I Am On a Mission, If It Kills Me I Will Effect Change

        I was MIA last week because I attended the AFCC conference in Denver, Colorado last week.  For those of you who are not familiar, the AFCC (Association for Family and Conciliation Courts) is a worldwide organization comprised of all professionals that work with families in custody, visitation, abuse or divorce matters.  Specifically, the members of the organization are psychologists, therapists, social workers, attorneys, judges, parent coordinators, parent educations and anyone else who has anything to do with providing services to families in conflict.  I attended the conference for several reasons, of course the main one being my profession, that had everything to do with the mission that I have been on for the past few years.  And although I learned a lot, the theme of this year’s conference was addressing “parental alienation“, most of what I learned had nothing to do with the theme. 

        You see one thing is very clear, though this was no epiphany for me, White families and Black families have very different core issues that impacts them.   I emphasize “core” because although money, health, conflict, etc. matters are ubiquitous amongst the races, the basis or impetus for our issues vary drastically from those of our White counterparts.  Let me give you an example,  in many of the workshops that were presented, which all had something to do with parents who deliberately and maliciously brainwash their children against their non-custodial parent which is typically the father, all of the speakers centered their discussions on the presumption that only divorced or separating parents have children and therefore alienate them.   The whole time I am there, I am wondering if anyone, ANYONE, will highlight, mention or even state in passing that children are a product of never married parents also and they too are alienated.   So I am baffled because I was also thinking, on the one hand these are some of the same experts who are quick to assert that the number of children born to unmarried parents have surged since the 90’s, paying special attention to the fact that Blacks comprise a huge percentage of that group.  While on the other hand, they seemed to oblivious to this fact, almost convincing us that we are all equal in their eyes.  Now many of us will more likely struggle to see the optimism in this quagmire.  It is no coincidence, nor unconscious oversight, that out-of-wedlock children, specifically Blacks, were not included.   Not by a long shot, it was an intentional objective of this group to only address how the White population is affected by this pernicious behavior, all  in an effort to find favorable resolutions to all that ails them.

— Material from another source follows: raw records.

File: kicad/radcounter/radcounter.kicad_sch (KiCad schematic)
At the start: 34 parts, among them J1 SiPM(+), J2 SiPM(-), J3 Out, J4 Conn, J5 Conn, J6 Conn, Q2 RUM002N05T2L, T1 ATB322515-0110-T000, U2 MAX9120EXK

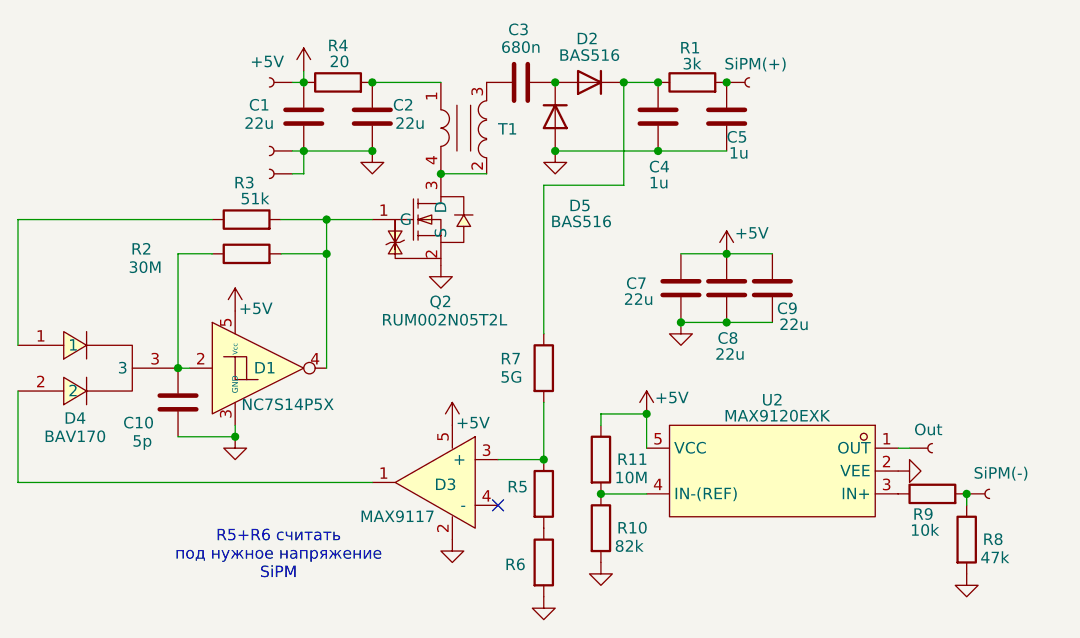
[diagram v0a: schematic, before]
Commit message: удалено:       kicad/radcounter/radcounter-backups/radcounter-2025-12-29_171823.zip 	удалено:       kicad/radcounter/radcounter-backups/radcounter-2026-01-03_121429.zip 	изменено:      kicad/radcounter/radcounter.kicad_pcb 	изменено:      kicad/radcounter/radcounter.kicad_prl 	изменено:      kicad/radcounter/radcounter.kicad_sch
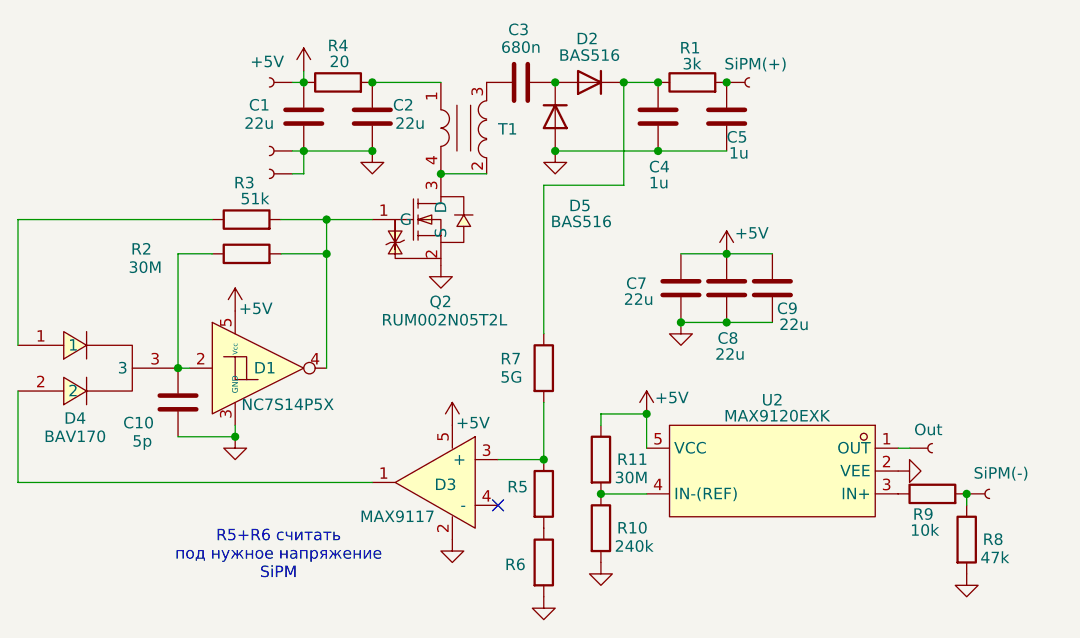
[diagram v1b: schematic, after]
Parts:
- R10: value 82k -> 240k
- R11: value 10M -> 30M
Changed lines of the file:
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@@
 			)
 		)
-		(property "Value" "10M"
+		(property "Value" "30M"
 			(at 164.084 99.822 0)
 			(effects
@@
 			)
 		)
-		(property "Value" "82k"
+		(property "Value" "240k"
 			(at 164.084 107.442 0)
 			(effects

        But I did not let that dissuade me, not at all.  On the contrary, I am more determined to pursue my mission and ensure that each one of us do our part.  We just have to take an approach that is tailored to our needs.   The African American Healthy Marriage Initiative (“AAHMI”) is having their 5th Annual “Research to Practice” conference at Hampton University this month and I am certain to attend.  (Go to aahmi.net for the details.) This conference is sponsored by the Administration for Children and Families and aims to encourage more research on issues germane to the Black family.   So if any of you feel where I am coming from, you should make it your business to attend.   If they don’t want to provide answers or solutions for us, then we should take the initiative and do it for ourselves, the future of our community depends on it.